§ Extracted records
========================

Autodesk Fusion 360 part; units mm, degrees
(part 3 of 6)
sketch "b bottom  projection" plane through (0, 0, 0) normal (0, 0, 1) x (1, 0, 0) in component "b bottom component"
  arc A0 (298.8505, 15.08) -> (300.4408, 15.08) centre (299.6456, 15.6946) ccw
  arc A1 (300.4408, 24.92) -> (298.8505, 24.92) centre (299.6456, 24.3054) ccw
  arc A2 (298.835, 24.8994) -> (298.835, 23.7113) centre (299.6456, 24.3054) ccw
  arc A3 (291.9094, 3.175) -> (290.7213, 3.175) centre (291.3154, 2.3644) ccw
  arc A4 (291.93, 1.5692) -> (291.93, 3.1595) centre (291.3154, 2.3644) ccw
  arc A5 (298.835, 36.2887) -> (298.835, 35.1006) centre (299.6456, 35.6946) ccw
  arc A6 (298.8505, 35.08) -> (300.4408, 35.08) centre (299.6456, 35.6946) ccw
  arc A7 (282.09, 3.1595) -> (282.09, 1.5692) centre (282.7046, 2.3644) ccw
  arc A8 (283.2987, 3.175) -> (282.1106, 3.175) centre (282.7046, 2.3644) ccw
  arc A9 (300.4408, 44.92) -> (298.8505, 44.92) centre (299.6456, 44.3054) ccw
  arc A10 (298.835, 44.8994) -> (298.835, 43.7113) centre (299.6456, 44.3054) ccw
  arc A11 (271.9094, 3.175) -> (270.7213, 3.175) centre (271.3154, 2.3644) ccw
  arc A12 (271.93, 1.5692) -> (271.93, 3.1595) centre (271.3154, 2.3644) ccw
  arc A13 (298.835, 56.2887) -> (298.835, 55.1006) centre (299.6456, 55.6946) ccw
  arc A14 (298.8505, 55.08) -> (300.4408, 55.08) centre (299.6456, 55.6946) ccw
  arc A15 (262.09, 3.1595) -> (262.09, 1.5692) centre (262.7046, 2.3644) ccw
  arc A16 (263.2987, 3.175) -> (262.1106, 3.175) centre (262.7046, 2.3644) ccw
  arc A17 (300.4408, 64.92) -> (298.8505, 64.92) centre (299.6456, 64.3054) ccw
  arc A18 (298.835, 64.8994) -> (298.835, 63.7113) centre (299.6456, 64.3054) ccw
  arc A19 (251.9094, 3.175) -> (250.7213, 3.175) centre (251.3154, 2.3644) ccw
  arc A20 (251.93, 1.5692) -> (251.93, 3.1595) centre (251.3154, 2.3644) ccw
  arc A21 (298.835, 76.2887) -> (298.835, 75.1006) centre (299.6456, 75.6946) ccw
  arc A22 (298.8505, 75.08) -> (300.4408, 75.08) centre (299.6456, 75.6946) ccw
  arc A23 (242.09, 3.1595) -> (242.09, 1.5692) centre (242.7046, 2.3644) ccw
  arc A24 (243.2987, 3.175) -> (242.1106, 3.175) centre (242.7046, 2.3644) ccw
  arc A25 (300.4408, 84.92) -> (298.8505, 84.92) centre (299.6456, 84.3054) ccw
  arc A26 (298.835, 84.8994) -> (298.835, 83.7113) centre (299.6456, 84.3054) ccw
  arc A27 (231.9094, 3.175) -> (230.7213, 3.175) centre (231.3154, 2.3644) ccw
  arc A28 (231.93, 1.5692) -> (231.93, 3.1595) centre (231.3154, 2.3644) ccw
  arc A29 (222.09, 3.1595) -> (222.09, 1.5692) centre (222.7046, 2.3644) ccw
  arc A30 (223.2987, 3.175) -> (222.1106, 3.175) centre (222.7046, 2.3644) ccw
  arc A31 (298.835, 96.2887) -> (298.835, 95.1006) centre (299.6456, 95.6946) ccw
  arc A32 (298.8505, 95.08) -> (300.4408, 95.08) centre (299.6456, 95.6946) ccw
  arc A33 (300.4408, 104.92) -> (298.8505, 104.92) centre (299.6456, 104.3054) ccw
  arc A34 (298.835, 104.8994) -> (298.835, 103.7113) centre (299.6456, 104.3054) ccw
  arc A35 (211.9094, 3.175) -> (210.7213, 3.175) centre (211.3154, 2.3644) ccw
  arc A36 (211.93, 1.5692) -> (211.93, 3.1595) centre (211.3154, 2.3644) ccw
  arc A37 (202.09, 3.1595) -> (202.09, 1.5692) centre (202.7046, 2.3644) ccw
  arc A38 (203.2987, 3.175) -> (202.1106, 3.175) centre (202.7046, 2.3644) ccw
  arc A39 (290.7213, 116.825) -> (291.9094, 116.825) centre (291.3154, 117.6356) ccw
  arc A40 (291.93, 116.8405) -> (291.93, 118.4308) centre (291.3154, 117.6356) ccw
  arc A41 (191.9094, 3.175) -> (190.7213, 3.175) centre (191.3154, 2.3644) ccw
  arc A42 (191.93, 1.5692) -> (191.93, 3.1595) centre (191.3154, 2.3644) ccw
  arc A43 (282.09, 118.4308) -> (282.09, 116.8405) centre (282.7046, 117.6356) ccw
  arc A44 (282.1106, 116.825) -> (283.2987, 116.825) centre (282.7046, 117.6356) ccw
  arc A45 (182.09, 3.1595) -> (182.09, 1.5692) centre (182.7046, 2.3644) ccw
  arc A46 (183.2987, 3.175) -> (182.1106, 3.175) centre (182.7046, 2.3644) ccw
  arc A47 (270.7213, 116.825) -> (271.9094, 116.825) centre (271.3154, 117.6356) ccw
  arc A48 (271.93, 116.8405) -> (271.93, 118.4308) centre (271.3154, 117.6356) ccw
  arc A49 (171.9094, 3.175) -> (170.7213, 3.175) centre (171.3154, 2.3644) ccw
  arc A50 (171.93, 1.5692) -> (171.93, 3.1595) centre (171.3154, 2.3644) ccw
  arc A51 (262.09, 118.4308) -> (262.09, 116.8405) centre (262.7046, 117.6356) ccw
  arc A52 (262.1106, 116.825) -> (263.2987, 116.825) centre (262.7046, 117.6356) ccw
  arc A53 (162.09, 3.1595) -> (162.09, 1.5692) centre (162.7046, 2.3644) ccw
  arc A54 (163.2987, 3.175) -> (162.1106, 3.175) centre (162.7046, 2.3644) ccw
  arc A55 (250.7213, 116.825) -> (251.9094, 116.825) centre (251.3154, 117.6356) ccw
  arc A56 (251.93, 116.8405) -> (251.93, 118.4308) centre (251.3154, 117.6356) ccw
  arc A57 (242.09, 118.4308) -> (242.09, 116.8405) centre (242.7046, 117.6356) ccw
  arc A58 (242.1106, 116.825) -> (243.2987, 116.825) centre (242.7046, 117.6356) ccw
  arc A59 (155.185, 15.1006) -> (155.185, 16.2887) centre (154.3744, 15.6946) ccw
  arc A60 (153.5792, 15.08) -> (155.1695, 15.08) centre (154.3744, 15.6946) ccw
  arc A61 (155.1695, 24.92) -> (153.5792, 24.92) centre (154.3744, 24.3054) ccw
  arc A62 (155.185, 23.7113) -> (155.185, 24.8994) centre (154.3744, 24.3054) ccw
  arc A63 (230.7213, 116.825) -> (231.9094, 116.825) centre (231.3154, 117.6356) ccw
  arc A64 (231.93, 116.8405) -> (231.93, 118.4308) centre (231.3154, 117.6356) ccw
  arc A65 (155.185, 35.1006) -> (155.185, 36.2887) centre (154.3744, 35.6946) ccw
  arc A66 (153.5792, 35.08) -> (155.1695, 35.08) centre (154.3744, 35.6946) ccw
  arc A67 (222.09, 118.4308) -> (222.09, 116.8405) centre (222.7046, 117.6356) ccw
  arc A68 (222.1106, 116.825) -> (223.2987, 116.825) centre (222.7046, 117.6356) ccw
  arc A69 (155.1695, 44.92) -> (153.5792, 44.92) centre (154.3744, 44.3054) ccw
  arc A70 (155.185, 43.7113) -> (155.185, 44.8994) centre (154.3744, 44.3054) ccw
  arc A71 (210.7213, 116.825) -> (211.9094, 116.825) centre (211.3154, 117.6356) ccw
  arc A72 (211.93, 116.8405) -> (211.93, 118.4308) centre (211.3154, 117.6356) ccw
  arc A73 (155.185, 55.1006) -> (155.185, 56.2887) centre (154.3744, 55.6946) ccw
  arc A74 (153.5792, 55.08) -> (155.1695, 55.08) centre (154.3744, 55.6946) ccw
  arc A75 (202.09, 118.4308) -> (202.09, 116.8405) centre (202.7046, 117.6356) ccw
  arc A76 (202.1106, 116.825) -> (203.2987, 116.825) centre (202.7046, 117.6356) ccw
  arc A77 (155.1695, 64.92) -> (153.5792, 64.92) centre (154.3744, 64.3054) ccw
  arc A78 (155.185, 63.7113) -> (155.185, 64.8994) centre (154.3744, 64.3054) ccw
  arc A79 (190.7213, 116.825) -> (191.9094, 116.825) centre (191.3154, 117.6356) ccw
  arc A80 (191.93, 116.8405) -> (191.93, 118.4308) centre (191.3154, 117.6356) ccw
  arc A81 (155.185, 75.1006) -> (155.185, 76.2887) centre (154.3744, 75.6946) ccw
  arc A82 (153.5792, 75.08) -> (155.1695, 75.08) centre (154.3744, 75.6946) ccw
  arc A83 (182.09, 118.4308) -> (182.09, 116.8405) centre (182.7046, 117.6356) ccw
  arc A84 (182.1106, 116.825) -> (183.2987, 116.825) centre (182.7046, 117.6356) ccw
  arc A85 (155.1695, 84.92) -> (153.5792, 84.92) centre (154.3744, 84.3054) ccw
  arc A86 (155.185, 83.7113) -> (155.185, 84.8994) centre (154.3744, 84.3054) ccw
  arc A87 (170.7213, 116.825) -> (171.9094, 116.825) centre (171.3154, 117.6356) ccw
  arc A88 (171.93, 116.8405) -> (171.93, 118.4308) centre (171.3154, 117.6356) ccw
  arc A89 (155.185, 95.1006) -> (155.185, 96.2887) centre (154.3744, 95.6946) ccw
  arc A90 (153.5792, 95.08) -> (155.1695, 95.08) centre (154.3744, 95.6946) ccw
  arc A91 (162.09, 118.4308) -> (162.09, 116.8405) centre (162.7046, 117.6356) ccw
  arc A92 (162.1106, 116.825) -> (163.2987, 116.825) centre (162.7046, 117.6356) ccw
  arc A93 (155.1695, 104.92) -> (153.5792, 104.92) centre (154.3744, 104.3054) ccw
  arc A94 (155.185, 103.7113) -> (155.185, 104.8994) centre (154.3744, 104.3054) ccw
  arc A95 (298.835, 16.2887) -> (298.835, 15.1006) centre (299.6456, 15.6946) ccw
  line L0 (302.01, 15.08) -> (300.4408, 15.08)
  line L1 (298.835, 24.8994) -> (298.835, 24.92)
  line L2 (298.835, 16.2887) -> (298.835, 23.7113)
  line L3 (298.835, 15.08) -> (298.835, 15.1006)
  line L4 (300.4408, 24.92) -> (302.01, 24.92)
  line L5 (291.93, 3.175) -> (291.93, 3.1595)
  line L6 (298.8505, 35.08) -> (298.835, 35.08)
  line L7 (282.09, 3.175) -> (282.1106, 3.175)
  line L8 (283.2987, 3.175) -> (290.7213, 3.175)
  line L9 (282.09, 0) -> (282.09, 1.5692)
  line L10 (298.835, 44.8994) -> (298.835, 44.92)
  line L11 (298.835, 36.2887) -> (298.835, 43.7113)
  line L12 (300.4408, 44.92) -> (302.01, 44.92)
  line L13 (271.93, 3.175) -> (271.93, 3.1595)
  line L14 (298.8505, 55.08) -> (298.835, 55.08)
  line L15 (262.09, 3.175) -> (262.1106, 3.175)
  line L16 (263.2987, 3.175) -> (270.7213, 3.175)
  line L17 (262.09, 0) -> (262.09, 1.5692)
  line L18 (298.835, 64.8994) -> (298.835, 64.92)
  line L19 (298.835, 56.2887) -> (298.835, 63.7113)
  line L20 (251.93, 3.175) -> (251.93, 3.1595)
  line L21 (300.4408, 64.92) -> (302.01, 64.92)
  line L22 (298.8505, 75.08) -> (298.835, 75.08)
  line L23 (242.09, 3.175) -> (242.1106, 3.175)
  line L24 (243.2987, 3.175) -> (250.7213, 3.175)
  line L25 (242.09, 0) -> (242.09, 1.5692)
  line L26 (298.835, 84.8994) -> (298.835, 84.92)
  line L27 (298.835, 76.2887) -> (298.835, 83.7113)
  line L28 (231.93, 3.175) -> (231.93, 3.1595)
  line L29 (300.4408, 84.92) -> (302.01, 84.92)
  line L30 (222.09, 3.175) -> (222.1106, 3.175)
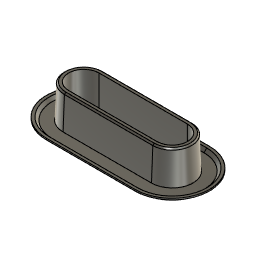
SPILLWAYliner (Autodesk Fusion 360 design; units mm, degrees)
Autodesk Fusion 360 part; units mm, degrees
sketch "Sketch1" plane through (0, 0, 0) normal (0, 0, 1) x (1, 0, 0)
  line L0 (23.5, 7.5) -> (-23.5, 7.5)
  line L1 (-23.5, 7.5) -> (-23.5, -7.5)
  line L2 (-23.5, -7.5) -> (23.5, -7.5)
  line L3 (23.5, -7.5) -> (23.5, 7.5)
  line L4 (23.5, 7.5) -> (-23.5, -7.5) construction
  line L5 (-23.5, 7.5) -> (23.5, -7.5) construction
  dimension "d1" = 47
  dimension "d2" = 15
  constraint horizontal L0
  constraint perpendicular L0 L1
  constraint parallel L0 L2
  constraint parallel L1 L3
  constraint coincident L4 origin
  constraint coincident L5 origin
  measures "d1" distance of L1.end L2.end
  measures "d2" distance of L0.end L1.end
extrude "Extrude1" add sketch "Sketch1" along normal blind 2 thin wall 6 outside
extrude "Extrude3" add sketch "Sketch1" along normal blind 13 thin wall 2 inside
extrude "Extrude4" cut sketch "Sketch1" along normal blind 1 from surface at 1 thin wall 4 outside
fillet "Fillet1" radius 5.5 4 edges at (21.5, 5.5, 6.5) (21.5, -5.5, 6.5) (-21.5, 5.5, 6.5) (-21.5, -5.5, 6.5)
fillet "Fillet1" radius 7.5 4 edges at (-23.5, 7.5, 7) (23.5, -7.5, 7) (-23.5, -7.5, 7) (23.5, 7.5, 7)
fillet "Fillet1" radius 11.5 4 edges at (-27.5, 11.5, 1.5) (27.5, 11.5, 1.5) (-27.5, -11.5, 1.5) (27.5, -11.5, 1.5)
fillet "Fillet1" radius 13.5 4 edges at (29.5, -13.5, 1) (29.5, 13.5, 1) (-29.5, -13.5, 1) (-29.5, 13.5, 1)
chamfer "Chamfer1" distance 1 angle 45 4 edges at (-27.5, 0, 2) (0, -11.5, 2) (27.5, 0, 2) (0, 11.5, 2)
chamfer "Chamfer1" distance 1.5 angle 45 4 edges at (0, -5.5, 0) (21.5, 0, 0) (0, 5.5, 0) (-21.5, 0, 0)
chamfer "Chamfer1" distance 12 distance2 0.5 4 edges at (23.5, 0, 13) (0, -7.5, 13) (-23.5, 0, 13) (0, 7.5, 13) measured on face at (23.5, -0.0005, 5) measured on face at (5.3337, -6.8333, 13) measured on face at (-23.5, 0.0005, 5) measured on face at (5.3337, -6.8333, 13)
chamfer "Chamfer1" distance 1.5 distance2 2 4 edges at (29.5, 0, 0) (0, 13.5, 0) (-29.5, 0, 0) (0, -13.5, 0) measured on face at (29.5, -0.0009, 0.6667) measured on face at (5.3342, 13.5, 0.6667) measured on face at (-29.5, 0.0009, 0.6667) measured on face at (-5.3342, -13.5, 0.6667)
chamfer "Chamfer2" distance 0.5 angle 45 4 edges at (23, 0, 13) (0, -7, 13) (-23, 0, 13) (0, 7, 13)
component "body" placed x (1, 0, 0) y (0, 1, 0) z (0, 0, 1) at (0, 0, 0)
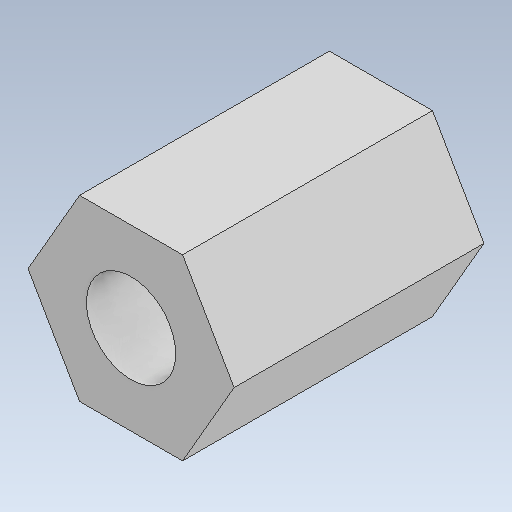
# Autodesk Inventor part: M2.5x7mm_Standoff_ 970070151
Saved by Autodesk Inventor 2021 (Build 250183000, 183)
## iProperties
Created: 2020-06-14
Part Number: M2.5x7mm_Standoff_ 970070151
Material: Generic
Document SubType Name: Modeling
Designer: Viktor Lindström
Density: 1 g/cm^3
Appearance: Default
Author: Viktor Lindström
Autodesk Inventor part; units mm, degrees
ref_plane "YZ Plane" through (0, 0, 0) normal (1, 0, 0) x (0, 1, 0)
ref_plane "XZ Plane" through (0, 0, 0) normal (0, 1, 0) x (-1, 0, 0)
ref_plane "XY Plane" through (0, 0, 0) normal (0, 0, 1) x (1, 0, 0)
sketch "Sketch1" plane through (0, 0, 0) normal (0, 0, 1) x (1, 0, 0)
  line L0 (2.8868, 0) -> (1.4434, -2.5)
  line L1 (1.4434, -2.5) -> (-1.4434, -2.5)
  line L2 (-1.4434, -2.5) -> (-2.8868, 0)
  line L3 (-2.8868, 0) -> (-1.4434, 2.5)
  line L4 (-1.4434, 2.5) -> (1.4434, 2.5)
  line L5 (1.4434, 2.5) -> (2.8868, 0)
  point P0 (0, 0)
  point P1 (0, 0)
  dimension "d0" = 5
  constraints: 12 end point, 1 coincident, 13 other
  measures "d0" distance between parallel lines of L4 L1
extrude "Extrusion1" add sketch "Sketch1" along normal blind 7
sketch "Sketch3" plane through (0, 0, 0) normal (0, 0, -1) x (-1, 0, 0)
  circle A0 centre (0, 0) radius 1.25
  dimension "d6" = 2.5
  constraints: 1 centre point, 1 coincident
  measures "d6" diameter of A0
extrude "Extrusion3" cut sketch "Sketch3" against normal through all
body "Solid1"

========================

§ Exercise
Which lines of the records above hold the word "extrude"? Copy each of them.

§ Output of the exercise
extrude "Extrude1" add sketch "Sketch1" along normal blind 2 thin wall 6 outside
extrude "Extrude3" add sketch "Sketch1" along normal blind 13 thin wall 2 inside
extrude "Extrude4" cut sketch "Sketch1" along normal blind 1 from surface at 1 thin wall 4 outside
extrude "Extrusion1" add sketch "Sketch1" along normal blind 7
extrude "Extrusion3" cut sketch "Sketch3" against normal through all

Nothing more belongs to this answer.